选择字号:   本文共阅读 1106 次 更新时间:2014-10-02 22:01

进入专题: 言论自由   名誉权   比例原则   合宪性解释  

尹培培  

 

摘要:  在最高人民法院、最高人民检察院发布的关于《关于办理利用信息网络实施诽谤等刑事案件适用法律若干问题的解释》中,关于“转发超过500次”视为《刑法》246条第1款所规定的“情节严重”情形之一的合宪性有待检证。一方面,从形式上来看,以一个司法解释将“转发超过500次”界定为诽谤罪的“情节严重”情形已经构成了对基本权利的限制,违反了法律保留原则;另一方面,从实质内容上看,以数字来界定入罪标准的手段不具有合理性,其限制转发、浏览次数的手段与保护他人名誉权的目的之间不符合比例原则,对言论自由产生了消极影响,而且将“转发超过500次”界定为“情节严重”已经超出了法律解释的界限,是对法律的补充,违反了宪法所规定的权力框架。因此,该解释无论从形式上亦或是实质上均属违宪。

关键词:  言论自由 名誉权 比例原则 合宪性解释

 

一、引言

2013年9月9日,最高人民法院、最高人民检察院公布了《关于办理利用信息网络实施诽谤等刑事案件适用法律若干问题的解释》(以下简称《若干解释》)。其中,第2条规定:“利用信息网络诽谤他人,具有下列情形之一的,应当认定为刑法第246条第1款规定的情节严重:“同一诽谤信息实际被点击、浏览次数达到五千次以上,或者被转发次数达到五百次以上的;”。该条将诽谤罪的适用扩展到了网络空间,同时也为其设定了非常明确的量化入刑标准。一时间,“转发500次可定罪”这样的字眼迅速占据了各大报纸的头条。该司法解释的出台将治理网络谣言等违法犯罪的行动进一步纳入法治轨道,同时也为网络世界拉起了明确的法律“高压线”。[1]大多数网友还仅仅停留在将该解释误读为“转发超500次就要判刑的”层面上,然而事实上,“转发超过500次、实际浏览5000次以上”只是对于诽谤罪中“情节严重”这一要件的界定,是否构成诽谤罪,还要符合《刑法》246条规定的其它主客观构成要件。

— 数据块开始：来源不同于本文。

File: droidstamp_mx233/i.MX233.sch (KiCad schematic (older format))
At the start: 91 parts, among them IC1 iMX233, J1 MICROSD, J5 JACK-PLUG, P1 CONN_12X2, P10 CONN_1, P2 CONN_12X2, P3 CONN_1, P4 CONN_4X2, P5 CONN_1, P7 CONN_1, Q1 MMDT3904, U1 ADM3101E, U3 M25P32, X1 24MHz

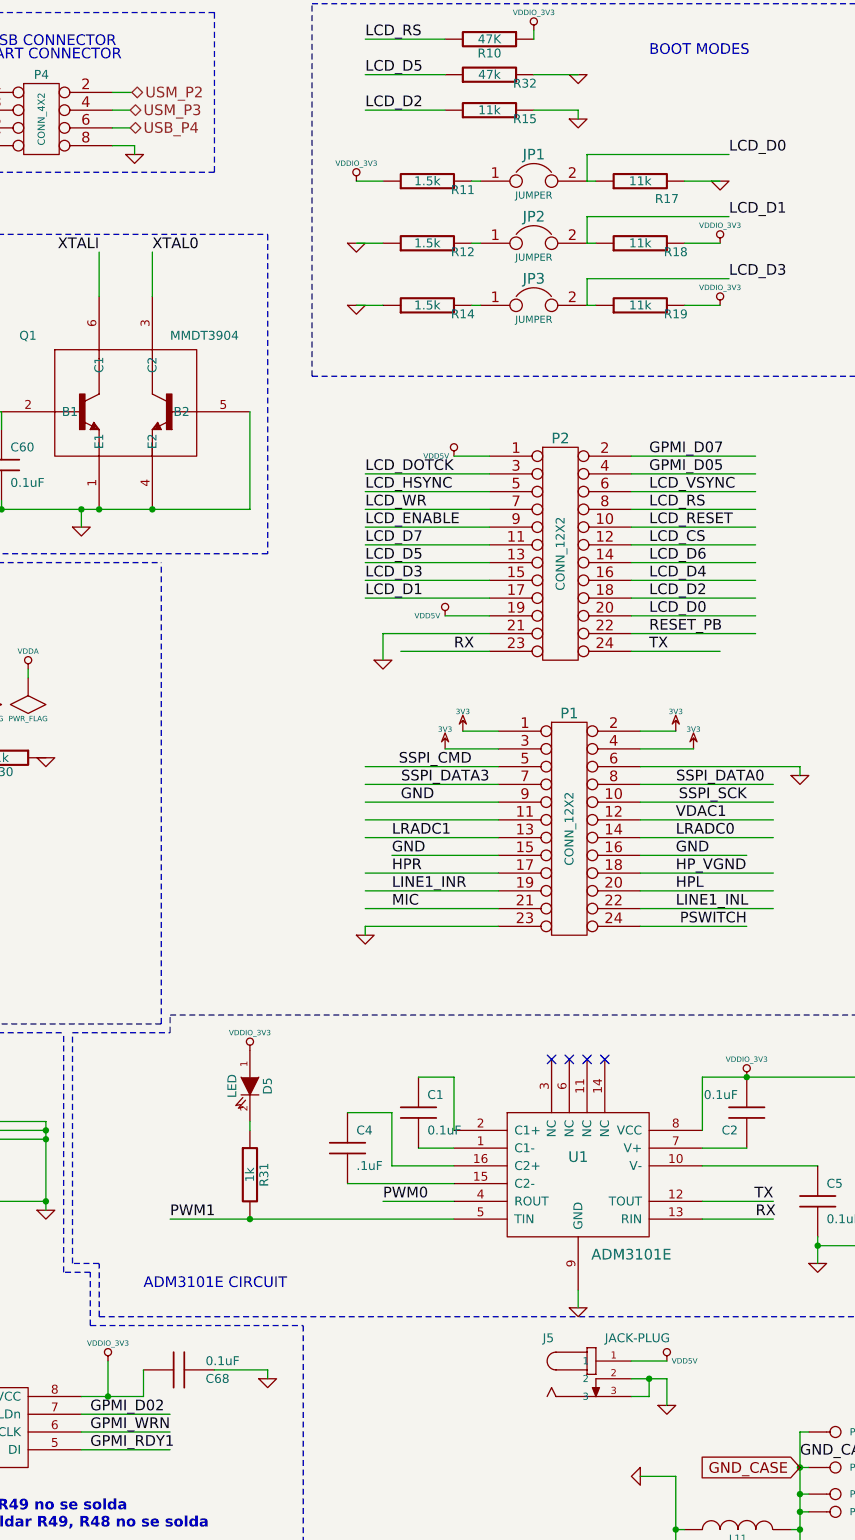
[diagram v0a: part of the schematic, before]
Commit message: fix power jack
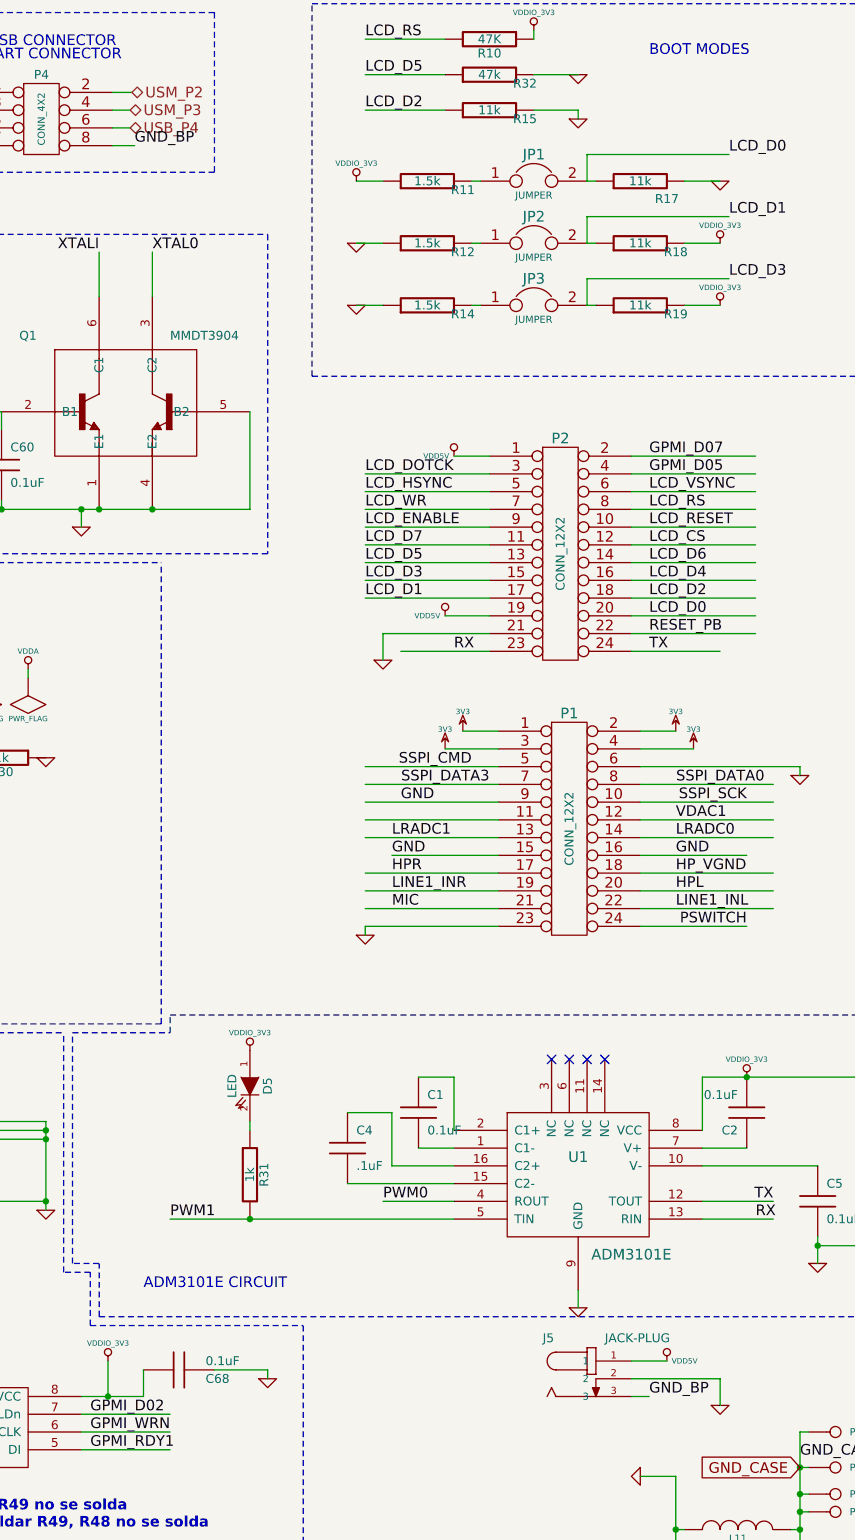
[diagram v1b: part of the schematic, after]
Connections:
- net labels added: GND_BP
- wire segments 402 -> 400

该司法解释至少引发了以下几个疑问:对“情节严重”进行界定,通过限定浏览、转发次数作为入罪标准是否构成了对言论自由的不当限制、违反了法律保留原则?该手段本身与保护他人名誉权的目的之间是否合乎比例原则的要求?带着这些问题,本文将以“转发500次司法解释”为中心,从基本权利限制的角度论证该手段本身是否构成了对言论自由的限制、违反了法律保留原则,进而引入比例原则对该手段的实质合宪性进行分析,从形式和实质两方面探究其是否具有宪法上的正当性。

 

二、基本权利的限制

对诽谤罪的解释不仅是刑法规范体系的问题,也是宪法上的基本权利问题。《宪法》第35条规定:“中华人民共和国公民有言论、出版、集会、结社、游行、示威的自由。”同时,第51条规定:“中华人民共和国公民在行使自由和权利的时候,不得损害国家的、社会的、集体的利益和其他公民的合法的自由和权利”。从《宪法》第51条的规定来看,行使言论自由权的边界在于“不得损害国家的、社会的、集体的利益和其他公民的合法权益”。曾有学者给“言论自由的界限”做了界定,即“所谓言论自由的界限,就是指言论自由在法律上的限度,即言论者可以自由的表达言论而不必担心法律之强制惩罚的界线。因此言论自由的限度也可以说成是法律之施加于言论之上的若干限制,尤其当言论自由与其他权利或者利益相冲突的时候”。[2]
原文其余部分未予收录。